Amazon Interview Question SDE1s
Country: India
Interview Type: In-Person
Now for the algo:
Walk the array A,
1. Compare each element with its position in the original array O
(this can be optimized, so that we don’t need to lookup entire array O every time)
2. If element is not in proper position, swap it with its original position using empty space
3. Do not advance further yet
If (current element not in proper pos){
goto step 2
}
else {
goto next pos
}
How does your approach differ from swapping every element with each other (not with the empty one)?
1) Say we are at position 'i'.
2) The original position of a[i] is p. So swap a[i] with a[p].

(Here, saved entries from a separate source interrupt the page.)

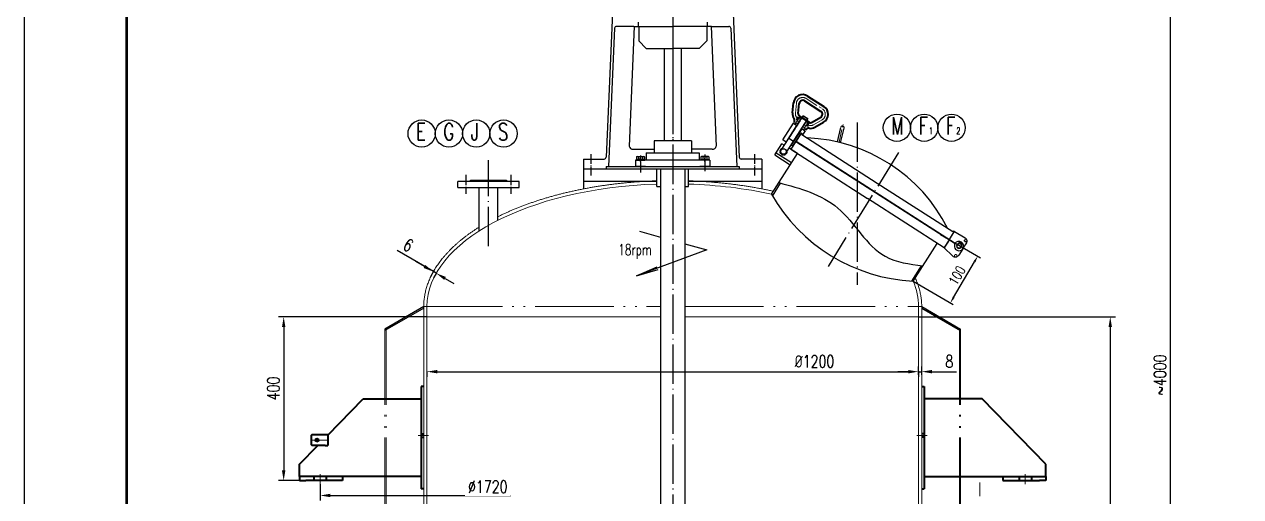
# Model space of a CAD drawing. Extents: x -14451 to -8511, y -379 to 8031.
# Drawn here: x -14451 to -11481, y 4852 to 6006 of the extents above; entities that cross this region are included whole.
import ezdxf

# ---------------------------------------------------------------- set-up
doc = ezdxf.new("R2010")
doc.units = 0
doc.header["$MEASUREMENT"] = 0
for name, pattern in [('ACAD_ISO04W100', [30.5, 24, -3, 0.5, -3]), ('ACAD_ISO05W100', [34, 24, -3, 0.5, -3, 0.5, -3]), ('CENTER', [50.8, 31.75, -6.35, 6.35, -6.35]), ('HIDDEN', [0.375, 0.25, -0.125])]:
    doc.linetypes.add(name, pattern=pattern)
doc.layers.get('0').update_dxf_attribs({"linetype": 'CONTINUOUS'})
doc.layers.get('DEFPOINTS').update_dxf_attribs({"linetype": 'CONTINUOUS'})
for name, color, linetype in [('1中心线', 3, 'ACAD_ISO04W100'), ('3轮廓', 7, 'CONTINUOUS'), ('3轮廓、图框', 7, 'CONTINUOUS'), ('4文字标注', 5, 'CONTINUOUS'), ('6断裂线', 6, 'ACAD_ISO05W100'), ('7虚线', 1, 'HIDDEN'), ('wen', 5, 'CONTINUOUS')]:
    doc.layers.add(name, color=color, linetype=linetype)
for name, color, linetype, lineweight in [('2-中心线', 1, 'ACAD_ISO04W100', 18), ('3-粗直线', 7, 'CONTINUOUS', 40), ('中心线', 3, 'CENTER', 18), ('双点划线', 6, 'ACAD_ISO05W100', 18), ('粗实线', 7, 'CONTINUOUS', 40), ('细实线', 5, 'CONTINUOUS', 18), ('虚线', 6, 'HIDDEN', 18), ('轮廓线', 7, 'CONTINUOUS', 30)]:
    doc.layers.add(name, color=color, linetype=linetype, lineweight=lineweight)
doc.styles.add('样式 2', font='ROMANS.shx', dxfattribs={"width": 0.75, "bigfont": 'hmhz.shx'})
doc.dimstyles.new('1-4 装配总图', dxfattribs={"dimscale": 4, "dimtxt": 3, "dimasz": 2.5, "dimexe": 1.25, "dimexo": 0, "dimgap": 1, "dimtad": 1, "dimdec": 0, "dimdsep": 46, "dimtxsty": '样式 2', "dimcen": 2.5, "dimclrd": 256, "dimclre": 256, "dimclrt": 256, "dimadec": 0, "dimazin": 0, "dimtfac": 1, "dimtdec": 0, "dimtmove": 0, "dimatfit": 1, "dimfxl": 1, "dimtfill": 1, "dimtfillclr": 256, "dimlwd": -1, "dimarcsym": 0})
doc.dimstyles.new('ISO-25', dxfattribs={"dimscale": 4, "dimtxt": 3, "dimasz": 2.5, "dimexe": 1.25, "dimexo": 0, "dimtad": 1, "dimdec": 0, "dimtxsty": '样式 2', "dimcen": 2.5, "dimclrd": 256, "dimclre": 256, "dimclrt": 256, "dimadec": 0, "dimazin": 0, "dimtfac": 1, "dimtdec": 0, "dimtmove": 0, "dimatfit": 3, "dimfxl": 1, "dimarcsym": 0})
doc.dimstyles.new('总图1', dxfattribs={"dimscale": 8, "dimtxt": 3, "dimasz": 2, "dimexe": 1, "dimexo": 0, "dimgap": 1, "dimtad": 1, "dimdec": 4, "dimzin": 11, "dimdsep": 46, "dimtxsty": '样式 2', "dimcen": 0, "dimclrd": 5, "dimclre": 5, "dimclrt": 5, "dimadec": 0, "dimazin": 0, "dimtfac": 0.7, "dimtdec": 4, "dimtmove": 0, "dimatfit": 0, "dimfxl": 1, "dimtolj": 1, "dimtzin": 11, "dimarcsym": 0})

# ---------------------------------------------------------------- blocks, each defined once
blk = doc.blocks.new('*D79')
at = {"layer": '3轮廓', "color": 5, "lineweight": -2}
for p, q in [((-12268.1, 5149.8), (-12268.1, 5170.3)), ((-12260.1, 5149.8), (-12260.1, 5170.3))]:
    blk.add_line(p, q, dxfattribs=at)
at = {"layer": '3轮廓', "color": 5}
for p, q in [((-12293.1, 5157.8), (-12318.1, 5157.8)), ((-12268.1, 5157.8), (-12260.1, 5157.8)), ((-12235.1, 5157.8), (-12175.1, 5157.8))]:
    blk.add_line(p, q, dxfattribs=at)
for points in [[(-12293.1, 5153.6), (-12293.1, 5162), (-12268.1, 5157.8)], [(-12235.1, 5162), (-12235.1, 5153.6), (-12260.1, 5157.8)]]:
    blk.add_solid(points, dxfattribs=at)
at = {"layer": 'DEFPOINTS', "color": 0}
for p in [(-12268.1, 5149.8), (-12260.1, 5157.8), (-12260.1, 5149.8)]:
    blk.add_point(p, dxfattribs=at)
at = {"layer": '3轮廓', "color": 5, "insert": (-12192.6, 5182.8), "char_height": 30, "attachment_point": 5, "style": '样式 2'}
blk.add_mtext('8', dxfattribs=at)
blk = doc.blocks.new('*D80')
at = {"layer": '3轮廓', "color": 5}
for p, q in [((-13452.5, 5402.2), (-13541.1, 5453.6)), ((-13474.1, 5414.7), (-13495.7, 5427.3)), ((-13445.6, 5398.2), (-13452.5, 5402.2)), ((-13423.9, 5385.6), (-13402.3, 5373.1))]:
    blk.add_line(p, q, dxfattribs=at)
at = {"layer": '3轮廓', "color": 5, "lineweight": -2}
for p, q in [((-13451.3, 5404.3), (-13458.7, 5391.4)), ((-13444.3, 5400.3), (-13451.8, 5387.4))]:
    blk.add_line(p, q, dxfattribs=at)
at = {"layer": '3轮廓', "color": 5}
for points in [[(-13476.2, 5411.1), (-13472, 5418.3), (-13452.5, 5402.2)], [(-13421.8, 5389.2), (-13426, 5382), (-13445.6, 5398.2)]]:
    blk.add_solid(points, dxfattribs=at)
at = {"layer": 'DEFPOINTS', "color": 0}
for p in [(-13452.5, 5402.2), (-13451.3, 5404.3), (-13444.3, 5400.3)]:
    blk.add_point(p, dxfattribs=at)
at = {"layer": '3轮廓', "color": 5, "insert": (-13513.8, 5466.7), "char_height": 30, "attachment_point": 5, "rotation": 329.8754, "style": '样式 2'}
blk.add_mtext('6{}{{\\H0.7x;}{}}', dxfattribs=at)
blk = doc.blocks.new('*D81')
at = {"layer": '3轮廓', "color": 5, "lineweight": -2}
for p, q in [((-13468.1, 5291.7), (-13830.5, 5291.7)), ((-13757.3, 4891.7), (-13830.5, 4891.7))]:
    blk.add_line(p, q, dxfattribs=at)
at = {"layer": '3轮廓', "color": 5}
blk.add_line((-13818, 5266.7), (-13818, 4916.7), dxfattribs=at)
for points in [[(-13813.8, 5266.7), (-13822.2, 5266.7), (-13818, 5291.7)], [(-13822.2, 4916.7), (-13813.8, 4916.7), (-13818, 4891.7)]]:
    blk.add_solid(points, dxfattribs=at)
at = {"layer": 'DEFPOINTS', "color": 0}
for p in [(-13468.1, 5291.7), (-13818, 4891.7), (-13757.3, 4891.7)]:
    blk.add_point(p, dxfattribs=at)
at = {"layer": '3轮廓', "color": 5, "insert": (-13843, 5116.7), "char_height": 30, "attachment_point": 5, "rotation": 90, "style": '样式 2'}
blk.add_mtext('400', dxfattribs=at)
blk = doc.blocks.new('*D82')
at = {"layer": '4文字标注', "lineweight": -2}
for p, q in [((-13729.1, 4883.3), (-13729.1, 4842.9)), ((-13704.1, 4855.4), (-13263.5, 4855.4))]:
    blk.add_line(p, q, dxfattribs=at)
at = {"layer": '4文字标注'}
blk.add_solid([(-13704.1, 4859.5), (-13704.1, 4851.2), (-13729.1, 4855.4)], dxfattribs=at)
at = {"layer": 'DEFPOINTS', "color": 0}
for p in [(-13729.1, 4883.3), (-13280.8, 4695.3)]:
    blk.add_point(p, dxfattribs=at)
at = {"layer": '4文字标注', "insert": (-13319.6, 4876.6), "char_height": 30, "attachment_point": 5, "style": '样式 2', "bg_fill": 3, "box_fill_scale": 1.25, "bg_fill_color": 256, "bg_fill_true_color": 13158600, "bg_fill_transparency": 0}
blk.add_mtext('%%C1720', dxfattribs=at)
at = {"layer": 'DEFPOINTS', "color": 0}
blk.add_point((-13280.8, 4855.4), dxfattribs=at)
blk = doc.blocks.new('_None')
blk = doc.blocks.new('*U64')
at = {"color": 3, "linetype": 'CENTER'}
blk.add_line((419.9, 127.7), (404.9, 127.7), dxfattribs=at)
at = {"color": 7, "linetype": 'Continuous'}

3) Now the a[i] contains new element. Repeat the process till a[i] contains the correct element.
4) Move to a[i+1]
The only difference is that the empty element is handled as any other element in the array.
Moreover I don't get what does it mean 'with least number of swaps'. Did you reduce the number of swaps in your algo?
I think the number of swaps which is required to revert the modified array to the original form depends on the element distribution in the modified array.
Simple example:
Original array: {1,2,3,4}
Modified version 1: {3,4,1,2} - 2 swaps, because new elements already matches the position after swap.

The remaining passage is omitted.